▶ SUPPLIED DATA:
* * *
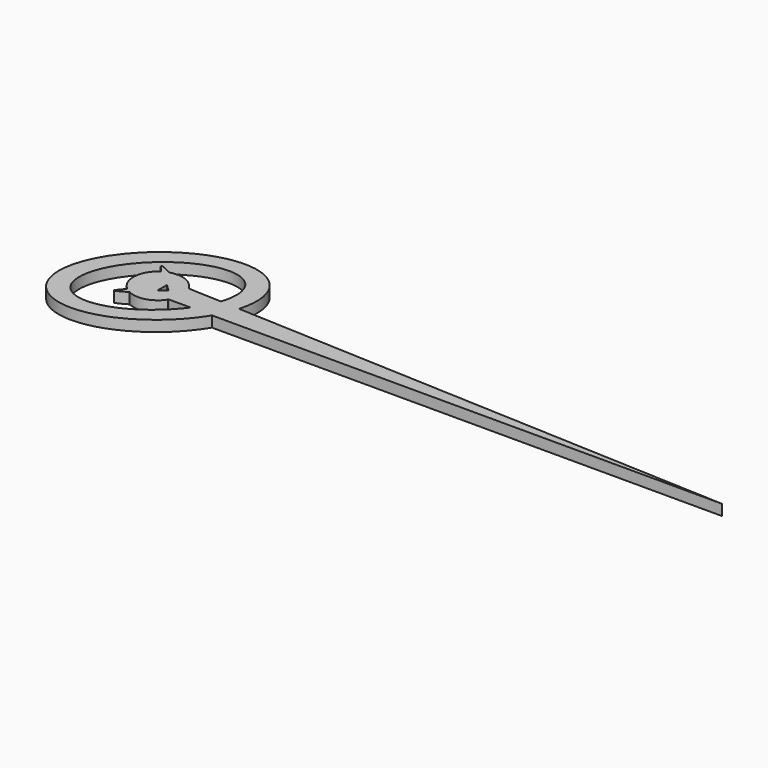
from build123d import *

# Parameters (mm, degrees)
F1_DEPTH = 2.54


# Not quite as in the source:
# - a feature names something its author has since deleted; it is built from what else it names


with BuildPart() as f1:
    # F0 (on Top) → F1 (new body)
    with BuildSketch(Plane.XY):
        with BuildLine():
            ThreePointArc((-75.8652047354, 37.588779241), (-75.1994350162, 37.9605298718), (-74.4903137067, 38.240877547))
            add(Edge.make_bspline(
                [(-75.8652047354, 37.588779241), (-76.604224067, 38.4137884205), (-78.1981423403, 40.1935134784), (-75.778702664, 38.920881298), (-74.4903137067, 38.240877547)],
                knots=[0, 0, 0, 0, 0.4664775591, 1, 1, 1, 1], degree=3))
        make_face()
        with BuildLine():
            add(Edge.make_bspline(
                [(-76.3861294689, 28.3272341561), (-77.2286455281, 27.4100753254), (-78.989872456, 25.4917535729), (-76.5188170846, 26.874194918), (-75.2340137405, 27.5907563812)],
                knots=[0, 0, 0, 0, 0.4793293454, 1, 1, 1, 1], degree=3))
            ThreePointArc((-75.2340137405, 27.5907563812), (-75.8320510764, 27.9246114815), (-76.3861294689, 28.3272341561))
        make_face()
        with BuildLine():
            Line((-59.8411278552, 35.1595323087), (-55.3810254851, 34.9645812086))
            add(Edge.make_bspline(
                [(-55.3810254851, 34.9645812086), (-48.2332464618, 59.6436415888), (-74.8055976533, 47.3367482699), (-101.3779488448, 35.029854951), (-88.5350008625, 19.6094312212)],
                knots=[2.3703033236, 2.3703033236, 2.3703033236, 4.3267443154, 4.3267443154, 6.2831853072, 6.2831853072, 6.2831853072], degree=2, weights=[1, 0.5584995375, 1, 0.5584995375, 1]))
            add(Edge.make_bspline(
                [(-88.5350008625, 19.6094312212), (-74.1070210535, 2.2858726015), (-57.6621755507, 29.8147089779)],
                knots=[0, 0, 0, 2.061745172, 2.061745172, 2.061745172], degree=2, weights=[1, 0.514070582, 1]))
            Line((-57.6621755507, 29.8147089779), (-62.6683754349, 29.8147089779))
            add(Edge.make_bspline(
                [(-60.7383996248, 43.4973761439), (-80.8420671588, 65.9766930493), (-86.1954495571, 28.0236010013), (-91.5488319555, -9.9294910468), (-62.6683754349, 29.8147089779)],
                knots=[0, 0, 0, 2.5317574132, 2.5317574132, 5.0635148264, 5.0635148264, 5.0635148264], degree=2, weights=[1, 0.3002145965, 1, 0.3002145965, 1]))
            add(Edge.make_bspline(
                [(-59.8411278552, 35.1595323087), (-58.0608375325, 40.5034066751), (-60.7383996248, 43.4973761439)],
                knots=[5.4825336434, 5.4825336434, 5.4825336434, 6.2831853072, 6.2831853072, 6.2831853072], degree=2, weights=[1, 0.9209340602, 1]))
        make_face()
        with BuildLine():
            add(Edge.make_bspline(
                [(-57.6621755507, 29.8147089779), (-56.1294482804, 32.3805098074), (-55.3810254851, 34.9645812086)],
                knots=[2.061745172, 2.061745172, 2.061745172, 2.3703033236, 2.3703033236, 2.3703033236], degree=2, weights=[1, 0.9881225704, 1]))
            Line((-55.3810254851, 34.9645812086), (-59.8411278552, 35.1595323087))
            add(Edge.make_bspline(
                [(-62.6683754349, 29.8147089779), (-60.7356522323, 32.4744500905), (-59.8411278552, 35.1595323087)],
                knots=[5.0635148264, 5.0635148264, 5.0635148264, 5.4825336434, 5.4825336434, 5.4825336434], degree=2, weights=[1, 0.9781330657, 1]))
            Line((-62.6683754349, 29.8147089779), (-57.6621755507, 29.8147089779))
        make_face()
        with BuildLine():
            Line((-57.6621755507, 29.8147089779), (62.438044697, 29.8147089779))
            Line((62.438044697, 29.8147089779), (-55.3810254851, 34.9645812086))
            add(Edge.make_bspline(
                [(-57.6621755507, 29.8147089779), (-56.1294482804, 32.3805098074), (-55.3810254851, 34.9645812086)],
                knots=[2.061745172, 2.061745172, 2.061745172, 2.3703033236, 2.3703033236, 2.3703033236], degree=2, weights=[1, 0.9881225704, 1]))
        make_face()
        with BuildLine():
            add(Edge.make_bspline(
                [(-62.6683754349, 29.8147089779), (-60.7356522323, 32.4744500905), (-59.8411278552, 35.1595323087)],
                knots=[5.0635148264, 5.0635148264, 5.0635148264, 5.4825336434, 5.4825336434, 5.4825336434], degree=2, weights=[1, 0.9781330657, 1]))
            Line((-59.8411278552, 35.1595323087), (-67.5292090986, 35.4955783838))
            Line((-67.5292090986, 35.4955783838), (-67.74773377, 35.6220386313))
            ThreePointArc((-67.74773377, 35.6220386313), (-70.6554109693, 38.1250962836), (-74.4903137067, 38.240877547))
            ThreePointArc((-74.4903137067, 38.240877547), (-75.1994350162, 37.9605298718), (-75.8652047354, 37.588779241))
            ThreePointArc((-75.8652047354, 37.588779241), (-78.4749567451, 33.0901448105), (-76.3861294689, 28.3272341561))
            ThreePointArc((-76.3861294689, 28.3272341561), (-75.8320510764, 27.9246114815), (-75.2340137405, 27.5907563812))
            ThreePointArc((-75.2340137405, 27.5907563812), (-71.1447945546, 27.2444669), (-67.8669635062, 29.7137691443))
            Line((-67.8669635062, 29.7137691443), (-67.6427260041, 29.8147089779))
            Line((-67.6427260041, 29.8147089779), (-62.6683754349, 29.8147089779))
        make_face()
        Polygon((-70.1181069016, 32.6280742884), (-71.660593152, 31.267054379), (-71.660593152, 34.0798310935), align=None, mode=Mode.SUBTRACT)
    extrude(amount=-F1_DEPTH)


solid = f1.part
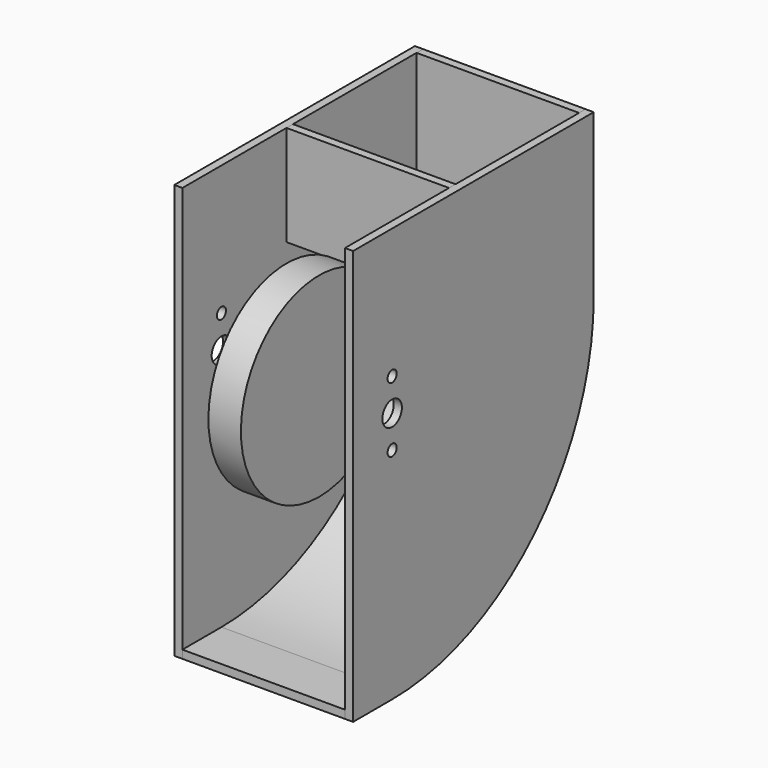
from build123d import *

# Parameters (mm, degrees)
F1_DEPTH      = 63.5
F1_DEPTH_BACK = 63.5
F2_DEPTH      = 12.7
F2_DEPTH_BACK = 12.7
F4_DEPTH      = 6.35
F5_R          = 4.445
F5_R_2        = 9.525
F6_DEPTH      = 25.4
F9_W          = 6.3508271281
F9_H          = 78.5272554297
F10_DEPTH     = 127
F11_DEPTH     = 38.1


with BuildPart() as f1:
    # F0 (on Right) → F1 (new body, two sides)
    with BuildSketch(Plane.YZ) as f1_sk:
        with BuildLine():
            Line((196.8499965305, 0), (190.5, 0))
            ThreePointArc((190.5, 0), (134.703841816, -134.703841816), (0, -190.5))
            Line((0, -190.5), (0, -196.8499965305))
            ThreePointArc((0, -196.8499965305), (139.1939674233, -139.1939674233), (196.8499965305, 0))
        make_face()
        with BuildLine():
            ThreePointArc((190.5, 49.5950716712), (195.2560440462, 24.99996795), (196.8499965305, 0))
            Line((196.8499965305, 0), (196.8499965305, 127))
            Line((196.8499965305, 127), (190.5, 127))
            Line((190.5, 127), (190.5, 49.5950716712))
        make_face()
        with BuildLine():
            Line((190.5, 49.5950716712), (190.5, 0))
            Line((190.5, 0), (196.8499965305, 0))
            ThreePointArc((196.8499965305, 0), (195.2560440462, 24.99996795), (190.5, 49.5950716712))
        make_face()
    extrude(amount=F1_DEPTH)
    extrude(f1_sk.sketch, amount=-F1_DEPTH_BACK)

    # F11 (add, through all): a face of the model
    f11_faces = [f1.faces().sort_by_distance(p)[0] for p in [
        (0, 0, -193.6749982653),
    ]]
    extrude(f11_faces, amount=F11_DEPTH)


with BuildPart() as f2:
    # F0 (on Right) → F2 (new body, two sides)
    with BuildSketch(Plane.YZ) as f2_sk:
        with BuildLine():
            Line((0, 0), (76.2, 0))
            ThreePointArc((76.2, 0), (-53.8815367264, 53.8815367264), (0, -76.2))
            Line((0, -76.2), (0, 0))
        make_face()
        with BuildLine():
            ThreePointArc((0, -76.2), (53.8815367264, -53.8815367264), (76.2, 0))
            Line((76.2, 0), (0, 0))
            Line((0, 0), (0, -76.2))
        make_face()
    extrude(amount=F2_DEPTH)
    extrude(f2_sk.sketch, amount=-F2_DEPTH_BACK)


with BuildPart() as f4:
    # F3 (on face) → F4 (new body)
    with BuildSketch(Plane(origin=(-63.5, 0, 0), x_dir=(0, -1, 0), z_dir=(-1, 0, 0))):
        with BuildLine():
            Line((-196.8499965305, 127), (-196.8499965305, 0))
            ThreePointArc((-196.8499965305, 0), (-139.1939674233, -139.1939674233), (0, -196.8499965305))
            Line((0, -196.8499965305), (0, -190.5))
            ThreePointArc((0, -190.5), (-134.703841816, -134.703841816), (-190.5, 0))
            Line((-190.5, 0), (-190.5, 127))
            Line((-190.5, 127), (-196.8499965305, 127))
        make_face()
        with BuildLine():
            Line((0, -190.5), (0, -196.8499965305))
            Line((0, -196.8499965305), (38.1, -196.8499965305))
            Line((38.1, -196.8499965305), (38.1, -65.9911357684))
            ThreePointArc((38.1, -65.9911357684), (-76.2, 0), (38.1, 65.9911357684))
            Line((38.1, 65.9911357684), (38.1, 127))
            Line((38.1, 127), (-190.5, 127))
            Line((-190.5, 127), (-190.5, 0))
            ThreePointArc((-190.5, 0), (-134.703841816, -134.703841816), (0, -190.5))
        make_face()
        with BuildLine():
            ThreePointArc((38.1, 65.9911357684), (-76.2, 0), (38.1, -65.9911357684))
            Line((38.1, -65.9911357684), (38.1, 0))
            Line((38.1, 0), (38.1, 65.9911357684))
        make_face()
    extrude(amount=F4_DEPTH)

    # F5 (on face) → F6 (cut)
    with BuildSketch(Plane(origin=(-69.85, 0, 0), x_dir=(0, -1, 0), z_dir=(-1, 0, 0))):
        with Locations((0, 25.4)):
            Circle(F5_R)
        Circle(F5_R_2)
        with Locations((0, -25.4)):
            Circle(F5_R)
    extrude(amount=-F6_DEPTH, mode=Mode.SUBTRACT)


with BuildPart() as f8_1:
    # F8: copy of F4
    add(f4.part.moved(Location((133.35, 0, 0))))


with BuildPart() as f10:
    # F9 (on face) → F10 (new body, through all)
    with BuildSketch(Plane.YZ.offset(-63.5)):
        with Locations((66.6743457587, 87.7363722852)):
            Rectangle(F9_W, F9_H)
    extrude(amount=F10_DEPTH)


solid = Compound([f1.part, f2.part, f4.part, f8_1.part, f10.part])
* * *
▶ TASK: Output exactly, and only, the lines of the entries above from the one with "34.0798310935), align=None, mode=Mode.SUBTRACT)" up to and including the one with "Line((196.8499965305, 127), (190.5, 127))"; pictures are to be left out.

▶ ANSWER TO THE EXERCISE:
        Polygon((-70.1181069016, 32.6280742884), (-71.660593152, 31.267054379), (-71.660593152, 34.0798310935), align=None, mode=Mode.SUBTRACT)
    extrude(amount=-F1_DEPTH)


solid = f1.part
from build123d import *

# Parameters (mm, degrees)
F1_DEPTH      = 63.5
F1_DEPTH_BACK = 63.5
F2_DEPTH      = 12.7
F2_DEPTH_BACK = 12.7
F4_DEPTH      = 6.35
F5_R          = 4.445
F5_R_2        = 9.525
F6_DEPTH      = 25.4
F9_W          = 6.3508271281
F9_H          = 78.5272554297
F10_DEPTH     = 127
F11_DEPTH     = 38.1


with BuildPart() as f1:
    # F0 (on Right) → F1 (new body, two sides)
    with BuildSketch(Plane.YZ) as f1_sk:
        with BuildLine():
            Line((196.8499965305, 0), (190.5, 0))
            ThreePointArc((190.5, 0), (134.703841816, -134.703841816), (0, -190.5))
            Line((0, -190.5), (0, -196.8499965305))
            ThreePointArc((0, -196.8499965305), (139.1939674233, -139.1939674233), (196.8499965305, 0))
        make_face()
        with BuildLine():
            ThreePointArc((190.5, 49.5950716712), (195.2560440462, 24.99996795), (196.8499965305, 0))
            Line((196.8499965305, 0), (196.8499965305, 127))
            Line((196.8499965305, 127), (190.5, 127))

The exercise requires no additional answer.